Stored data:
+++

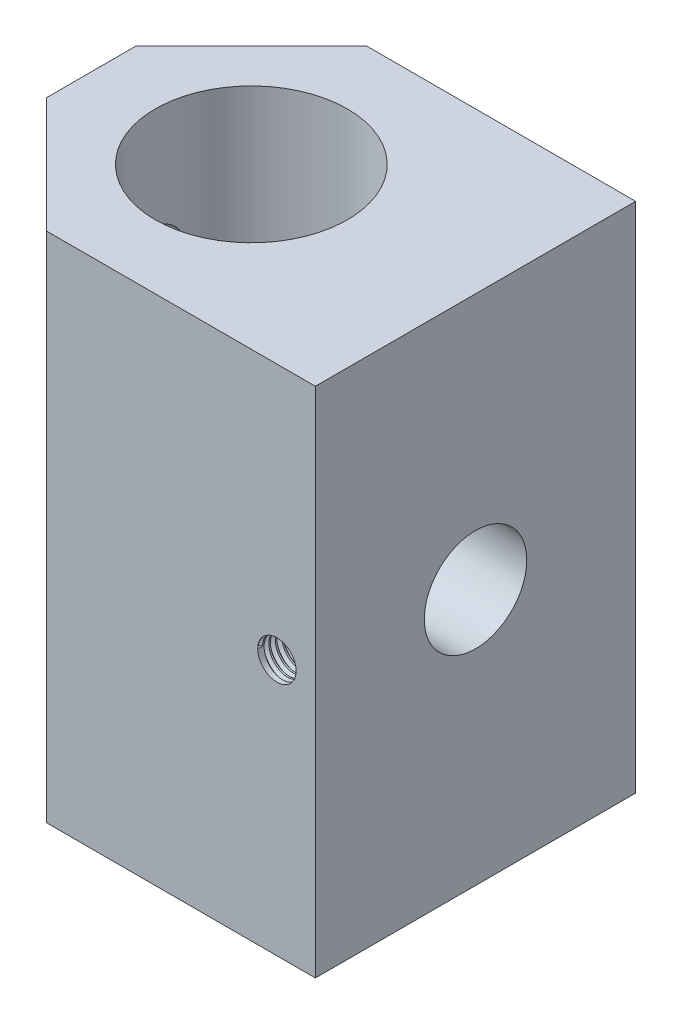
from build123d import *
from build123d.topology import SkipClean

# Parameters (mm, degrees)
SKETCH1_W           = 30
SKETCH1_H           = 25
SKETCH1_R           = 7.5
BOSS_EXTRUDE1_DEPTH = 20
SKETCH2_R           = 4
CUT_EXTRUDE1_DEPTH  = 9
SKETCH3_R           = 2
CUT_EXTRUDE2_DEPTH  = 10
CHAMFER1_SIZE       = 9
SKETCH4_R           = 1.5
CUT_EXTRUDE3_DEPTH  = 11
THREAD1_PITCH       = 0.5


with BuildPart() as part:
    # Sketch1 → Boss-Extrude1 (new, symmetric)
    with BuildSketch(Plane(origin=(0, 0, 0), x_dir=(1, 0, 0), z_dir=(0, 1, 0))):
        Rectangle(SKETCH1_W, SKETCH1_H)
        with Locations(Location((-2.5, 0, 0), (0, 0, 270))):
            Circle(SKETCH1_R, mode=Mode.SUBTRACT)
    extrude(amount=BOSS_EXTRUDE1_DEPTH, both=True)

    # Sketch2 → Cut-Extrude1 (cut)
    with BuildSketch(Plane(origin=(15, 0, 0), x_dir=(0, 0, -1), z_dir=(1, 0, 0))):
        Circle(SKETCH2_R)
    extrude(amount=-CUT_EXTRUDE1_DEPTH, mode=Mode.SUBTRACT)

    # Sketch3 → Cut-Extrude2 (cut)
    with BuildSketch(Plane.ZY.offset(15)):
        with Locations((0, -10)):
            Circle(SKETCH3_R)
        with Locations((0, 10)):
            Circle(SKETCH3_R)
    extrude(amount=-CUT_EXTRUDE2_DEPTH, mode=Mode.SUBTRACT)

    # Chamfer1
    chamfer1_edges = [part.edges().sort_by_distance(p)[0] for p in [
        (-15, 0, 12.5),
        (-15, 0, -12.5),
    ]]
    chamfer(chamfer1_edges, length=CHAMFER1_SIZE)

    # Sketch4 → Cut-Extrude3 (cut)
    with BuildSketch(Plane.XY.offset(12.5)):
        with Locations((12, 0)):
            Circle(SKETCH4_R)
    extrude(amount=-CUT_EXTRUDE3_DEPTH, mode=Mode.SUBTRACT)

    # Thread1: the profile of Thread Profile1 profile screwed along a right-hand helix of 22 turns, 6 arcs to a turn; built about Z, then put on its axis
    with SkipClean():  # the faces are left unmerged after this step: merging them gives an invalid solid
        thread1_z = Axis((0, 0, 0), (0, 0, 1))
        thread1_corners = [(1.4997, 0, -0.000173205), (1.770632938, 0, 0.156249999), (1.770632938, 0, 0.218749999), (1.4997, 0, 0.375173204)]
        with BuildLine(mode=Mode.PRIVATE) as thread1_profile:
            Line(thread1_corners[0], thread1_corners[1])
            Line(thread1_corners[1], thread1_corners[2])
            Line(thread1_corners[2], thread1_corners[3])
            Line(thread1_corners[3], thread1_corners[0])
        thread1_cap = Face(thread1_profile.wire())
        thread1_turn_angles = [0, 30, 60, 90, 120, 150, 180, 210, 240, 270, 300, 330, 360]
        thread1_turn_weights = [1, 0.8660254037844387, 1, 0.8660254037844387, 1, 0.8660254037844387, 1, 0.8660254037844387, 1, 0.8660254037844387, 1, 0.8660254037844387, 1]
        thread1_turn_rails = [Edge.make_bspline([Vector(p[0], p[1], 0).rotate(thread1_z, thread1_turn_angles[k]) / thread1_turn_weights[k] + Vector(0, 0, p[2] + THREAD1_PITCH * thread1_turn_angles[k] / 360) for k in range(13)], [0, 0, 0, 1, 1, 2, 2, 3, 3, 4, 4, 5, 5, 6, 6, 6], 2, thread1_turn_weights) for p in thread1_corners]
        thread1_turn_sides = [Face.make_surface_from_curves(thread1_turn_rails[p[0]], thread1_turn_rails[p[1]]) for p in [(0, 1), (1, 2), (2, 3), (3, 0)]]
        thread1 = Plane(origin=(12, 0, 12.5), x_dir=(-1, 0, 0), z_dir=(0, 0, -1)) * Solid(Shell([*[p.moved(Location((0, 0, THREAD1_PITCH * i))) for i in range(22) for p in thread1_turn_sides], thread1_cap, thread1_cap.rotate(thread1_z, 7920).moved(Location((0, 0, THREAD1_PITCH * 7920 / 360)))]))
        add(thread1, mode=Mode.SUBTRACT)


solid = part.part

+++

Task brief: Without the pictures, restate all of the entries word for word.

Result below:
from build123d import *
from build123d.topology import SkipClean

# Parameters (mm, degrees)
SKETCH1_W           = 30
SKETCH1_H           = 25
SKETCH1_R           = 7.5
BOSS_EXTRUDE1_DEPTH = 20
SKETCH2_R           = 4
CUT_EXTRUDE1_DEPTH  = 9
SKETCH3_R           = 2
CUT_EXTRUDE2_DEPTH  = 10
CHAMFER1_SIZE       = 9
SKETCH4_R           = 1.5
CUT_EXTRUDE3_DEPTH  = 11
THREAD1_PITCH       = 0.5


with BuildPart() as part:
    # Sketch1 → Boss-Extrude1 (new, symmetric)
    with BuildSketch(Plane(origin=(0, 0, 0), x_dir=(1, 0, 0), z_dir=(0, 1, 0))):
        Rectangle(SKETCH1_W, SKETCH1_H)
        with Locations(Location((-2.5, 0, 0), (0, 0, 270))):
            Circle(SKETCH1_R, mode=Mode.SUBTRACT)
    extrude(amount=BOSS_EXTRUDE1_DEPTH, both=True)

    # Sketch2 → Cut-Extrude1 (cut)
    with BuildSketch(Plane(origin=(15, 0, 0), x_dir=(0, 0, -1), z_dir=(1, 0, 0))):
        Circle(SKETCH2_R)
    extrude(amount=-CUT_EXTRUDE1_DEPTH, mode=Mode.SUBTRACT)

    # Sketch3 → Cut-Extrude2 (cut)
    with BuildSketch(Plane.ZY.offset(15)):
        with Locations((0, -10)):
            Circle(SKETCH3_R)
        with Locations((0, 10)):
            Circle(SKETCH3_R)
    extrude(amount=-CUT_EXTRUDE2_DEPTH, mode=Mode.SUBTRACT)

    # Chamfer1
    chamfer1_edges = [part.edges().sort_by_distance(p)[0] for p in [
        (-15, 0, 12.5),
        (-15, 0, -12.5),
    ]]
    chamfer(chamfer1_edges, length=CHAMFER1_SIZE)

    # Sketch4 → Cut-Extrude3 (cut)
    with BuildSketch(Plane.XY.offset(12.5)):
        with Locations((12, 0)):
            Circle(SKETCH4_R)
    extrude(amount=-CUT_EXTRUDE3_DEPTH, mode=Mode.SUBTRACT)

    # Thread1: the profile of Thread Profile1 profile screwed along a right-hand helix of 22 turns, 6 arcs to a turn; built about Z, then put on its axis
    with SkipClean():  # the faces are left unmerged after this step: merging them gives an invalid solid
        thread1_z = Axis((0, 0, 0), (0, 0, 1))
        thread1_corners = [(1.4997, 0, -0.000173205), (1.770632938, 0, 0.156249999), (1.770632938, 0, 0.218749999), (1.4997, 0, 0.375173204)]
        with BuildLine(mode=Mode.PRIVATE) as thread1_profile:
            Line(thread1_corners[0], thread1_corners[1])
            Line(thread1_corners[1], thread1_corners[2])
            Line(thread1_corners[2], thread1_corners[3])
            Line(thread1_corners[3], thread1_corners[0])
        thread1_cap = Face(thread1_profile.wire())
        thread1_turn_angles = [0, 30, 60, 90, 120, 150, 180, 210, 240, 270, 300, 330, 360]
        thread1_turn_weights = [1, 0.8660254037844387, 1, 0.8660254037844387, 1, 0.8660254037844387, 1, 0.8660254037844387, 1, 0.8660254037844387, 1, 0.8660254037844387, 1]
        thread1_turn_rails = [Edge.make_bspline([Vector(p[0], p[1], 0).rotate(thread1_z, thread1_turn_angles[k]) / thread1_turn_weights[k] + Vector(0, 0, p[2] + THREAD1_PITCH * thread1_turn_angles[k] / 360) for k in range(13)], [0, 0, 0, 1, 1, 2, 2, 3, 3, 4, 4, 5, 5, 6, 6, 6], 2, thread1_turn_weights) for p in thread1_corners]
        thread1_turn_sides = [Face.make_surface_from_curves(thread1_turn_rails[p[0]], thread1_turn_rails[p[1]]) for p in [(0, 1), (1, 2), (2, 3), (3, 0)]]
        thread1 = Plane(origin=(12, 0, 12.5), x_dir=(-1, 0, 0), z_dir=(0, 0, -1)) * Solid(Shell([*[p.moved(Location((0, 0, THREAD1_PITCH * i))) for i in range(22) for p in thread1_turn_sides], thread1_cap, thread1_cap.rotate(thread1_z, 7920).moved(Location((0, 0, THREAD1_PITCH * 7920 / 360)))]))
        add(thread1, mode=Mode.SUBTRACT)


solid = part.part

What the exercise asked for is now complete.